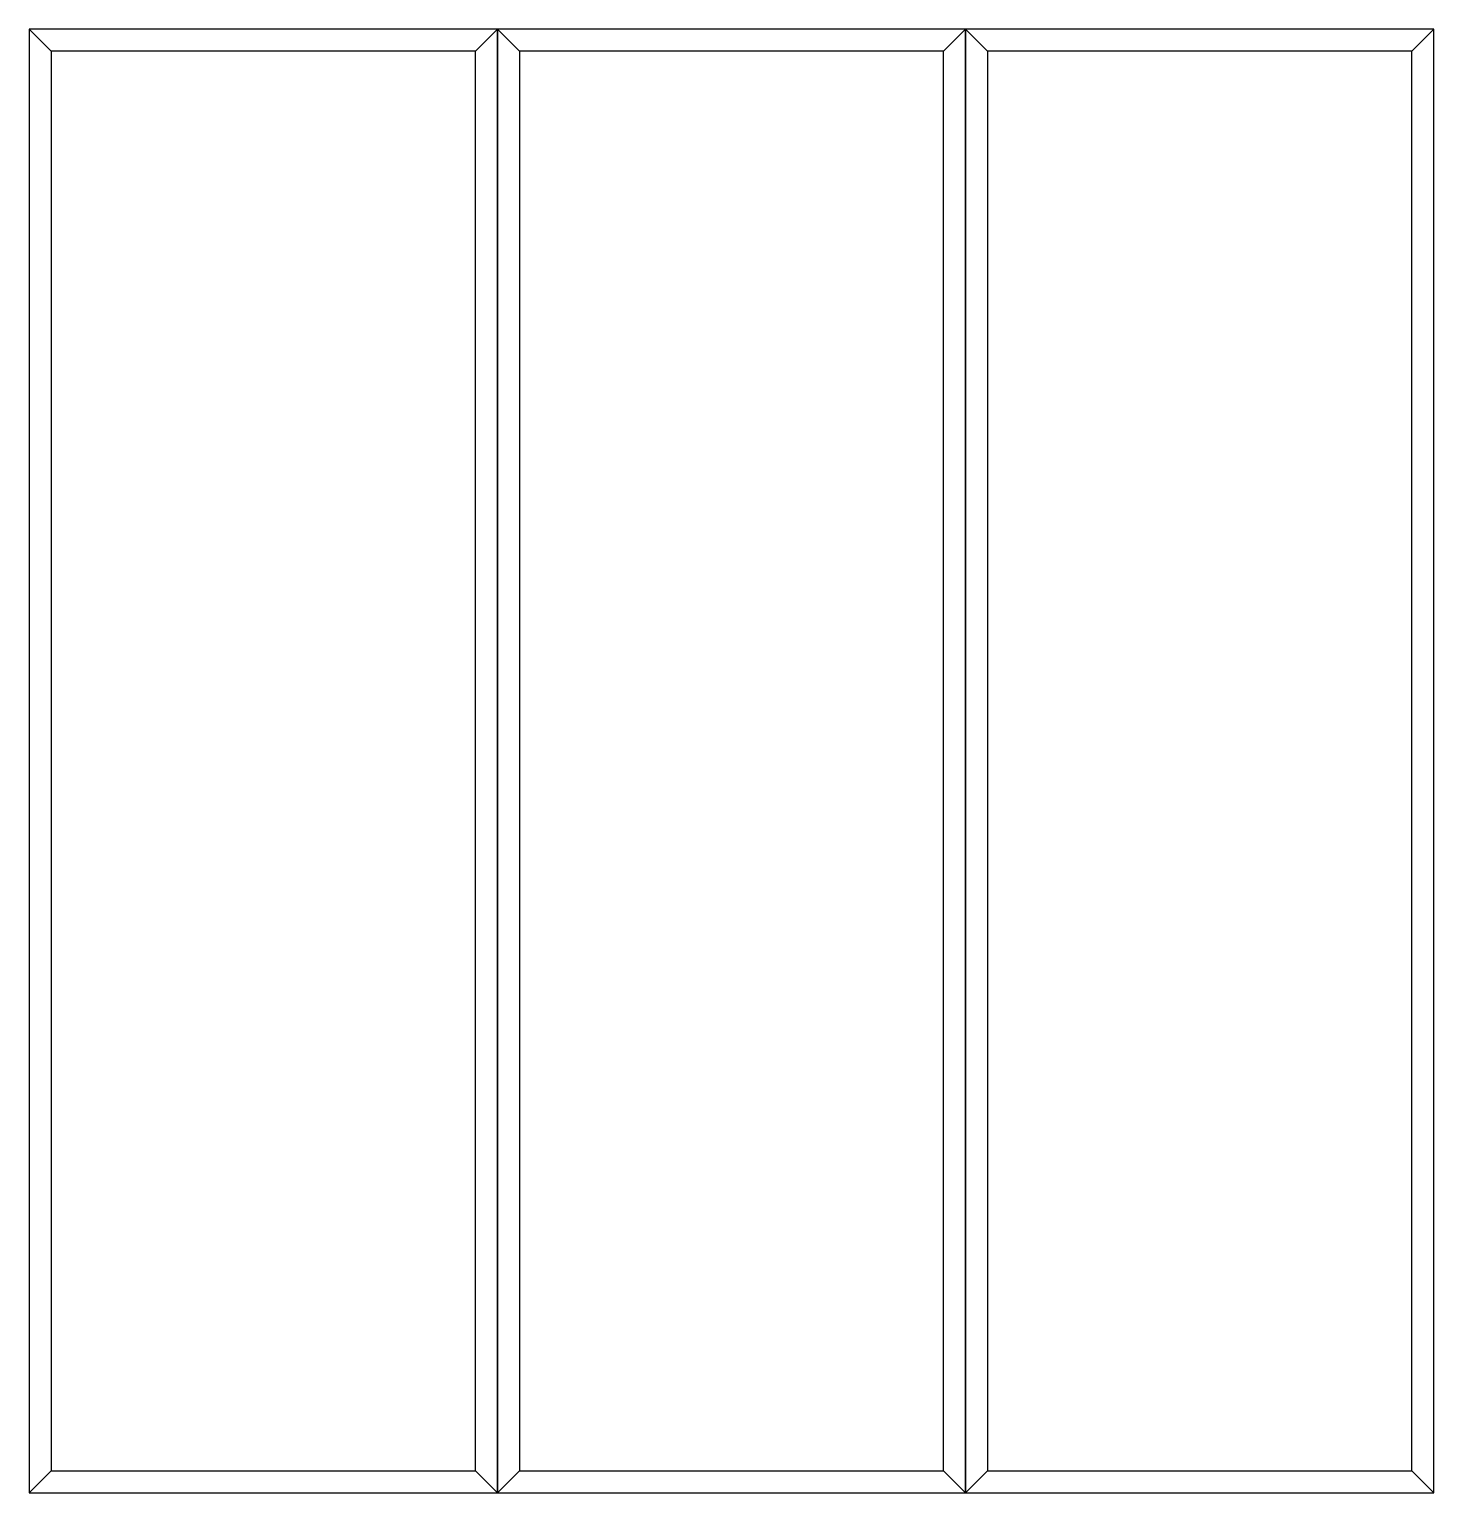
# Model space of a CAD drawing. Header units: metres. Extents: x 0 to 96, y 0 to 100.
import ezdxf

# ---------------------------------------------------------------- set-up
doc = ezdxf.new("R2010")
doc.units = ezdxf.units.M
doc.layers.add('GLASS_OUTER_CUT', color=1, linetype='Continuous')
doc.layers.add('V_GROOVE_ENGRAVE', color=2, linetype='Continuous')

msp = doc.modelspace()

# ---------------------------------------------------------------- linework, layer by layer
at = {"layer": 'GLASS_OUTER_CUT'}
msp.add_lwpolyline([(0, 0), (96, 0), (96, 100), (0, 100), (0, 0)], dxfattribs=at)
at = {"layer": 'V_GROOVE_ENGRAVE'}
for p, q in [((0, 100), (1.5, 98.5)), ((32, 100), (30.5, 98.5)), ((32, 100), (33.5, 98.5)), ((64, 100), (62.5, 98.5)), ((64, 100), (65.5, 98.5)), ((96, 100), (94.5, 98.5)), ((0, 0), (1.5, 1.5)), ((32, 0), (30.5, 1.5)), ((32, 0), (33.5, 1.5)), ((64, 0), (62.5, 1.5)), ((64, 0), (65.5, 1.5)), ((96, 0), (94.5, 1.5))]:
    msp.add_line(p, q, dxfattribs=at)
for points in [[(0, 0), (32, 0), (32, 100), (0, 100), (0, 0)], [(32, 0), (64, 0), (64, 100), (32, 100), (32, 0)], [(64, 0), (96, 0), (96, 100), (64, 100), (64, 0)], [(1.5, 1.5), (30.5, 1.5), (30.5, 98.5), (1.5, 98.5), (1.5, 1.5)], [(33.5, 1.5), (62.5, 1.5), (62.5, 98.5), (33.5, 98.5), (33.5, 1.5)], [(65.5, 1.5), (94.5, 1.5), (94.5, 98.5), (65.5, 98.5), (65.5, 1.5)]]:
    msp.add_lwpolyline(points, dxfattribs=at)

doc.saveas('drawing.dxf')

Work instruction
Transcribe the records verbatim, excluding pictures.

Answer to this problem
# Model space of a CAD drawing. Header units: metres. Extents: x 0 to 96, y 0 to 100.
import ezdxf

# ---------------------------------------------------------------- set-up
doc = ezdxf.new("R2010")
doc.units = ezdxf.units.M
doc.layers.add('GLASS_OUTER_CUT', color=1, linetype='Continuous')
doc.layers.add('V_GROOVE_ENGRAVE', color=2, linetype='Continuous')

msp = doc.modelspace()

# ---------------------------------------------------------------- linework, layer by layer
at = {"layer": 'GLASS_OUTER_CUT'}
msp.add_lwpolyline([(0, 0), (96, 0), (96, 100), (0, 100), (0, 0)], dxfattribs=at)
at = {"layer": 'V_GROOVE_ENGRAVE'}
for p, q in [((0, 100), (1.5, 98.5)), ((32, 100), (30.5, 98.5)), ((32, 100), (33.5, 98.5)), ((64, 100), (62.5, 98.5)), ((64, 100), (65.5, 98.5)), ((96, 100), (94.5, 98.5)), ((0, 0), (1.5, 1.5)), ((32, 0), (30.5, 1.5)), ((32, 0), (33.5, 1.5)), ((64, 0), (62.5, 1.5)), ((64, 0), (65.5, 1.5)), ((96, 0), (94.5, 1.5))]:
    msp.add_line(p, q, dxfattribs=at)
for points in [[(0, 0), (32, 0), (32, 100), (0, 100), (0, 0)], [(32, 0), (64, 0), (64, 100), (32, 100), (32, 0)], [(64, 0), (96, 0), (96, 100), (64, 100), (64, 0)], [(1.5, 1.5), (30.5, 1.5), (30.5, 98.5), (1.5, 98.5), (1.5, 1.5)], [(33.5, 1.5), (62.5, 1.5), (62.5, 98.5), (33.5, 98.5), (33.5, 1.5)], [(65.5, 1.5), (94.5, 1.5), (94.5, 98.5), (65.5, 98.5), (65.5, 1.5)]]:
    msp.add_lwpolyline(points, dxfattribs=at)

doc.saveas('drawing.dxf')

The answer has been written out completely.